In 1943, Pronberg, her mother and her sister were evacuated to a village in the Kirovskaya Oblast, 800 kilometers east of Moscow, where her father, a victim of the repression before the war, was working in a labor camp.

"I was so emaciated that I looked like an old woman. Even the boy who sat next to me in my school refused to sit too close," she remembered. "It was the little tragedy of my childhood, because the boy was very handsome and I liked him."

"Later on, though, when my body got back in shape, he fell in love with me anyway," Pronberg added.

The same class where the boy finally fell for her was where she first heard the news of the German surrender.

"We all ran outside and just shouted 'Hurrah!' endlessly," Pronberg said. "We danced, hugged and cried."

For many of those who had not been evacuated from Leningrad, their health had not recovered. But Nadezhda Samsonenko, 80, who lived and worked in the city through the 900 days, said the reaction was much the same.

"I remember that, when I heard about the end of the war, I was sick with a severe fever and was supposed to stay in bed," Samsonenko said. "But the illness didn't matter to me at the time. I jumped up and down on my bed, perhaps just a little out of my head. Then my friend and I went downtown to the Neva River embankment to join the widespread joy."

She said crowds of excited people were walking along the Nevsky Prospect until the morning. People sang songs, danced and hugged.

"Everyone was so happy that the nightmare had ended," she adds.

During the blockade, Samsonenko worked at the Bolshevichka factory, where she sewed hats and short jackets, and knitted mittens and socks for Soviet soldiers.

"Then we, young girls, would bring these clothes as gifts to the front lines," Samsonenko said.

She also remembers much more heart rending duties. During the hardest days of the siege, Samsoneko, then 22, helped to search the city's apartments for children whose mothers had died of starvation, sickness or from the bombardment.
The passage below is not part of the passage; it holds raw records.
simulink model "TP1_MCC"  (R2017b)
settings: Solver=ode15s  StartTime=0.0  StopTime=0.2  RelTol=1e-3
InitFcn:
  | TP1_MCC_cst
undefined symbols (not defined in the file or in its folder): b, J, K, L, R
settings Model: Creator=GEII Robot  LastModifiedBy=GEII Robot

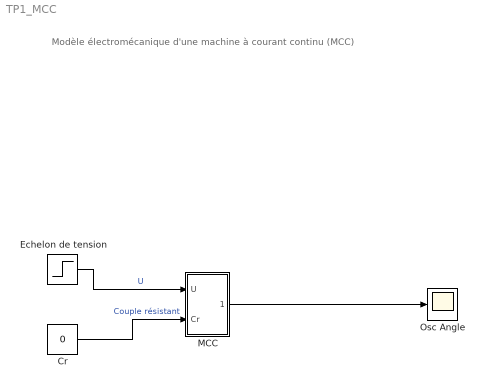
== system TP1_MCC ==
  note: Modèle électromécanique d'une machine à courant continu (MCC)
  Cr : Constant  Value=0
  Echelon de tension : Step  Time=0  After=12  SampleTime=0
  MCC : Subsystem
  Osc Angle : Scope
  wires:
  Echelon de tension/1 -> MCC/1(U)  "U"
  Cr/1 -> MCC/2(Cr)  "Couple résistant"
  MCC/1(theta) -> Osc Angle/1

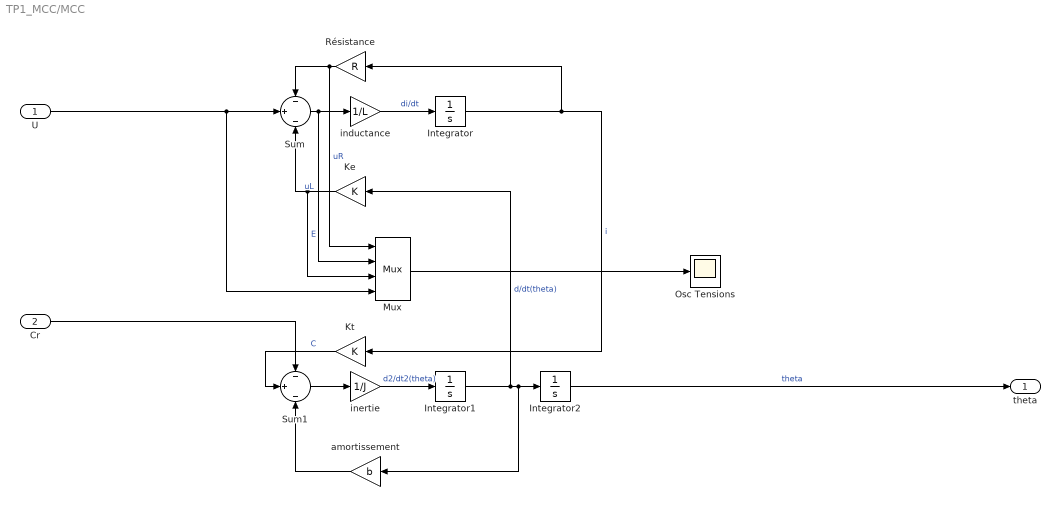
== system TP1_MCC/MCC ==
  U : Inport
  Cr : Inport  Port=2
  Integrator : Integrator
  Integrator1 : Integrator
  Integrator2 : Integrator
  Ke : Gain  Gain=K
  Kt : Gain  Gain=K
  Mux : Mux
      settings: DisplayOption=signals
  Osc Tensions : Scope
  Résistance : Gain  Gain=R
  Sum : Sum  Inputs=-|+|-
  Sum1 : Sum  Inputs=-|+|-
  amortissement : Gain  Gain=b
  inductance : Gain  Gain=1/L
  inertie : Gain  Gain=1/J
  theta : Outport
  wires:
  Cr/1 -> Sum1/1
  amortissement/1 -> Sum1/3
  Résistance/1 -> Mux/1, Sum/1  "uR"
  Integrator/1 -> Résistance/1, Kt/1  "i"
  Integrator2/1 -> theta/1  "theta"
  Ke/1 -> Mux/3, Sum/3  "E"
  U/1 -> Mux/4, Sum/2
  Integrator1/1 -> Ke/1, amortissement/1, Integrator2/1  "d/dt(theta)"
  Kt/1 -> Sum1/2  "C"
  Sum/1 -> Mux/2, inductance/1  "uL"
  inductance/1 -> Integrator/1  "di/dt"
  Mux/1 -> Osc Tensions/1
  inertie/1 -> Integrator1/1  "d2/dt2(theta)"
  Sum1/1 -> inertie/1

"We brought them to special orphanages, where they were taken care of," she said.

Tamara Semyonova, now 70, who was also in Leningrad for Victory Day, best remembers the guns.

"On that day, the city saw the likes of a salute that it has never witnessed since," Semyonova recalls. "There is nothing that can compare with that day for me. We were so happy!"

Yury Yalovko, now 68, still a boy during the Leningrad blockade, remembers May 9, 1945, for a different sound.

"We were standing near Liteiny Bridge and watching the salute," Yavloko said. "Everybody was jumping around and whistling through their fingers. Suddenly, I discovered that I could make the same noise."

Yalovko lost 16 relatives during the blockade.

"My worst memory is that of my 25-year-old aunt being killed by a tiny bomb fragment during the shelling," he said. "She was running home to take her two young children to a shelter."

After his aunt's death, his grandmother and mother took the two children in to live with his family.

"I remember how each of us five children, living together, had a little knife, which we would use to cut our daily 125 grams of bread into tiny pieces, to make the eating process last longer," Yalovko said.

Tragically, both of the children that his family had taken in - aged three and five years, respectively -died of dysentery in the blockade.

Afonin, the 25-year-old sergeant serving in Berlin when the armistice was signed, said that the German capital also had much to do to rebuild.

"I think that many [Berliners] were themselves tired of Hitler and his regime and just wanted to live in peace," he said.

Afonin remained in Berlin until August that year, and one his fondest memories is not linked with the victory but with a defeat.

Not long after Victory Day, Afonin, who was leading a reconnaissance unit, was approached by a group of German men who suggested organizing a soccer match with the Russian soldiers.

"That was a little embarrassing," Afonin laughs. "Imagine, we, many already like we were in our forties, lost by an 8-0 score to the Germans."